To add a primitive, such as the unix function usleep, it is first necessary to declare it, giving the types of the arguments and the result as with any procedure. This declaration can be put in any module, either the one where it is used, or perhaps a module that collects together the declarations of all the extra primitives that are used in the program.

PROCEDURE usleep(t: INTEGER) IS "usleep";

The name given as a string is the C function corresponding to the primitive.
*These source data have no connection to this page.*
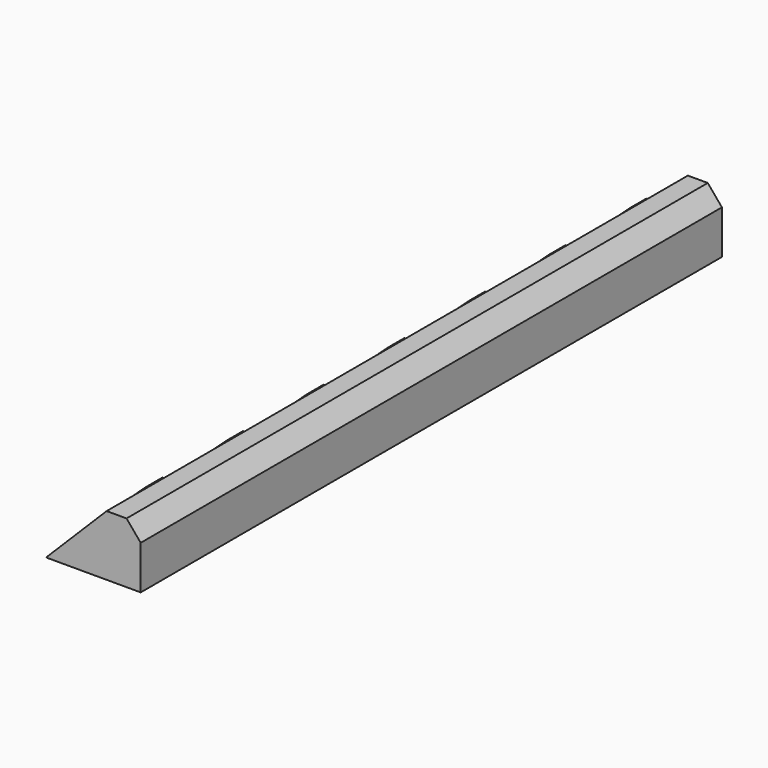
from build123d import *

# Parameters (mm, degrees)
F1_DEPTH = 457.2
F2_W     = 5.08
F2_H     = 19.05
F3_DEPTH = 3.175


# Not quite as in the source:
# - a length typed as a fraction of an inch, garbled in the dataset ("3 / 203.2 mm" for 3/8 in), is restored


with BuildPart() as f1:
    # F0 (on Front) → F1 (new body, symmetric)
    with BuildSketch(Plane.XZ):
        Polygon((-76.2, 0), (0, 0), (42.8860933474, 0), (42.8860933474, 54.9768594564), (25.0777639449, 76.2), (0, 76.2), align=None)
    extrude(amount=F1_DEPTH, both=True)

    # F2 (on face) → F3 (join)
    with BuildSketch(Plane(origin=(-38.1, 0, 38.1), x_dir=(0, -1, 0), z_dir=(-0.7071067812, 0, 0.7071067812))):
        with BuildLine():
            Line((-391.6987875515, 28.4815367264), (-417.0987875515, 28.4815367264))
            ThreePointArc((-417.0987875515, 28.4815367264), (-431.8, -3.2684632736), (-417.0987875515, -35.0184632736))
            Line((-417.0987875515, -35.0184632736), (-391.6987875515, -35.0184632736))
            ThreePointArc((-391.6987875515, -35.0184632736), (-376.9975751031, -3.2684632736), (-391.6987875515, 28.4815367264))
        make_face()
        with BuildLine():
            Line((-400.5195509719, -30.7538155466), (-409.9965240192, -30.7538155466))
            Line((-409.9965240192, -30.7538155466), (-409.9965240192, -25.4346902415))
            ThreePointArc((-409.9965240192, -25.4346902415), (-405.2253041336, -20.6960921992), (-400.5195509719, -25.4997093556))
            Line((-400.5195509719, -25.4997093556), (-400.5195509719, -30.7538155466))
        make_face(mode=Mode.SUBTRACT)
        with Locations((-412.5365240192, 2.0394300796)):
            Rectangle(F2_W, F2_H, mode=Mode.SUBTRACT)
        with Locations((-397.9795509719, 2.4147130909)):
            Rectangle(F2_W, F2_H, mode=Mode.SUBTRACT)
        with BuildLine():
            Line((-264.41702, 28.96613), (-289.81702, 28.96613))
            ThreePointArc((-289.81702, 28.96613), (-304.5182324485, -2.78387), (-289.81702, -34.53387))
            Line((-289.81702, -34.53387), (-264.41702, -34.53387))
            ThreePointArc((-264.41702, -34.53387), (-249.7158075515, -2.78387), (-264.41702, 28.96613))
        make_face()
        with BuildLine():
            Line((-272.8882718836, -29.7792267651), (-282.365244931, -29.7792267651))
            Line((-282.365244931, -29.7792267651), (-282.365244931, -24.46010146))
            ThreePointArc((-282.365244931, -24.46010146), (-277.5940250453, -19.7215034177), (-272.8882718836, -24.5251205741))
            Line((-272.8882718836, -24.5251205741), (-272.8882718836, -29.7792267651))
        make_face(mode=Mode.SUBTRACT)
        with Locations((-284.905244931, 3.0140188611)):
            Rectangle(F2_W, F2_H, mode=Mode.SUBTRACT)
        with Locations((-270.3482718836, 3.3893018724)):
            Rectangle(F2_W, F2_H, mode=Mode.SUBTRACT)
        with BuildLine():
            Line((-137.1352524485, 29.4507232736), (-162.5352524485, 29.4507232736))
            ThreePointArc((-162.5352524485, 29.4507232736), (-177.2364648969, -2.2992767264), (-162.5352524485, -34.0492767264))
            Line((-162.5352524485, -34.0492767264), (-137.1352524485, -34.0492767264))
            ThreePointArc((-137.1352524485, -34.0492767264), (-122.43404, -2.2992767264), (-137.1352524485, 29.4507232736))
        make_face()
        with BuildLine():
            Line((-145.2569927954, -28.8046379836), (-154.7339658427, -28.8046379836))
            Line((-154.7339658427, -28.8046379836), (-154.7339658427, -23.4855126785))
            ThreePointArc((-154.7339658427, -23.4855126785), (-149.962745957, -18.7469146362), (-145.2569927954, -23.5505317926))
            Line((-145.2569927954, -23.5505317926), (-145.2569927954, -28.8046379836))
        make_face(mode=Mode.SUBTRACT)
        with Locations((-157.2739658427, 3.9886076427)):
            Rectangle(F2_W, F2_H, mode=Mode.SUBTRACT)
        with Locations((-142.7169927954, 4.3638906539)):
            Rectangle(F2_W, F2_H, mode=Mode.SUBTRACT)
        with BuildLine():
            Line((-9.8534848969, 29.9353165472), (-35.2534848969, 29.9353165472))
            ThreePointArc((-35.2534848969, 29.9353165472), (-49.9546973454, -1.8146834528), (-35.2534848969, -33.5646834528))
            Line((-35.2534848969, -33.5646834528), (-9.8534848969, -33.5646834528))
            ThreePointArc((-9.8534848969, -33.5646834528), (4.8477275515, -1.8146834528), (-9.8534848969, 29.9353165472))
        make_face()
        with BuildLine():
            Line((-17.6257137071, -27.8300492021), (-27.1026867544, -27.8300492021))
            Line((-27.1026867544, -27.8300492021), (-27.1026867544, -22.5109238969))
            ThreePointArc((-27.1026867544, -22.5109238969), (-22.3314668688, -17.7723258546), (-17.6257137071, -22.575943011))
            Line((-17.6257137071, -22.575943011), (-17.6257137071, -27.8300492021))
        make_face(mode=Mode.SUBTRACT)
        with Locations((-29.6426867544, 4.9631964242)):
            Rectangle(F2_W, F2_H, mode=Mode.SUBTRACT)
        with Locations((-15.0857137071, 5.3384794355)):
            Rectangle(F2_W, F2_H, mode=Mode.SUBTRACT)
        with BuildLine():
            Line((117.4282826546, 30.4199098208), (92.0282826546, 30.4199098208))
            ThreePointArc((92.0282826546, 30.4199098208), (77.3270702061, -1.3300901792), (92.0282826546, -33.0800901792))
            Line((92.0282826546, -33.0800901792), (117.4282826546, -33.0800901792))
            ThreePointArc((117.4282826546, -33.0800901792), (132.1294951031, -1.3300901792), (117.4282826546, 30.4199098208))
        make_face()
        with BuildLine():
            Line((110.0055653812, -26.8554604205), (100.5285923338, -26.8554604205))
            Line((100.5285923338, -26.8554604205), (100.5285923338, -21.5363351154))
            ThreePointArc((100.5285923338, -21.5363351154), (105.2998122195, -16.7977370731), (110.0055653812, -21.6013542295))
            Line((110.0055653812, -21.6013542295), (110.0055653812, -26.8554604205))
        make_face(mode=Mode.SUBTRACT)
        with Locations((97.9885923338, 5.9377852057)):
            Rectangle(F2_W, F2_H, mode=Mode.SUBTRACT)
        with Locations((112.5455653812, 6.313068217)):
            Rectangle(F2_W, F2_H, mode=Mode.SUBTRACT)
        with BuildLine():
            Line((244.7100502061, 30.9045030943), (219.3100502061, 30.9045030943))
            ThreePointArc((219.3100502061, 30.9045030943), (204.6088377576, -0.8454969057), (219.3100502061, -32.5954969057))
            Line((219.3100502061, -32.5954969057), (244.7100502061, -32.5954969057))
            ThreePointArc((244.7100502061, -32.5954969057), (259.4112626546, -0.8454969057), (244.7100502061, 30.9045030943))
        make_face()
        with BuildLine():
            Line((237.6368444694, -25.880871639), (228.1598714221, -25.880871639))
            Line((228.1598714221, -25.880871639), (228.1598714221, -20.5617463339))
            ThreePointArc((228.1598714221, -20.5617463339), (232.9310913078, -15.8231482916), (237.6368444694, -20.626765448))
            Line((237.6368444694, -20.626765448), (237.6368444694, -25.880871639))
        make_face(mode=Mode.SUBTRACT)
        with Locations((225.6198714221, 6.9123739872)):
            Rectangle(F2_W, F2_H, mode=Mode.SUBTRACT)
        with Locations((240.1768444694, 7.2876569985)):
            Rectangle(F2_W, F2_H, mode=Mode.SUBTRACT)
        with BuildLine():
            Line((371.9918177576, 31.3890963679), (346.5918177576, 31.3890963679))
            ThreePointArc((346.5918177576, 31.3890963679), (331.8906053092, -0.3609036321), (346.5918177576, -32.1109036321))
            Line((346.5918177576, -32.1109036321), (371.9918177576, -32.1109036321))
            ThreePointArc((371.9918177576, -32.1109036321), (386.6930302061, -0.3609036321), (371.9918177576, 31.3890963679))
        make_face()
        with BuildLine():
            Line((365.2681235577, -24.9062828575), (355.7911505104, -24.9062828575))
            Line((355.7911505104, -24.9062828575), (355.7911505104, -19.5871575524))
            ThreePointArc((355.7911505104, -19.5871575524), (360.562370396, -14.8485595101), (365.2681235577, -19.6521766665))
            Line((365.2681235577, -19.6521766665), (365.2681235577, -24.9062828575))
        make_face(mode=Mode.SUBTRACT)
        with Locations((353.2511505104, 7.8869627688)):
            Rectangle(F2_W, F2_H, mode=Mode.SUBTRACT)
        with Locations((367.8081235577, 8.26224578)):
            Rectangle(F2_W, F2_H, mode=Mode.SUBTRACT)
    extrude(amount=F3_DEPTH)


solid = f1.part

Value parameters of type CHAR, BOOLEAN, SHORTINT, INTEGER, LONGINT, REAL and LONGREAL correspond naturally with parameters in C. Parameters of aggregate or pointer type and other VAR parameters are passed as pointers. In the case of open array parameters, only a pointer to the elements is passed to the C function, and not the bounds – but you can always write prim(a, LEN(a)) to pass the bound explicitly.

Having declared the primitive, we must either compile the program in a special way (Method A) or, if the runtime system was built to include the Foreign Function Interface library libffi, just run the program and have it find the primitive dynamically (Method B). These notes assume a reasonably standard Linux environment, or Mac OS X with occasional differences in the commands. On Windows, OBC is built by using Cygwin to produce a binary that will run on plain Windows; Method A could be made to work inside Cygwin, but Method B will not work. The standard primitives that are part of the runtime system are all called using Method A, for speed and also to support systems where libffi is not avaialable.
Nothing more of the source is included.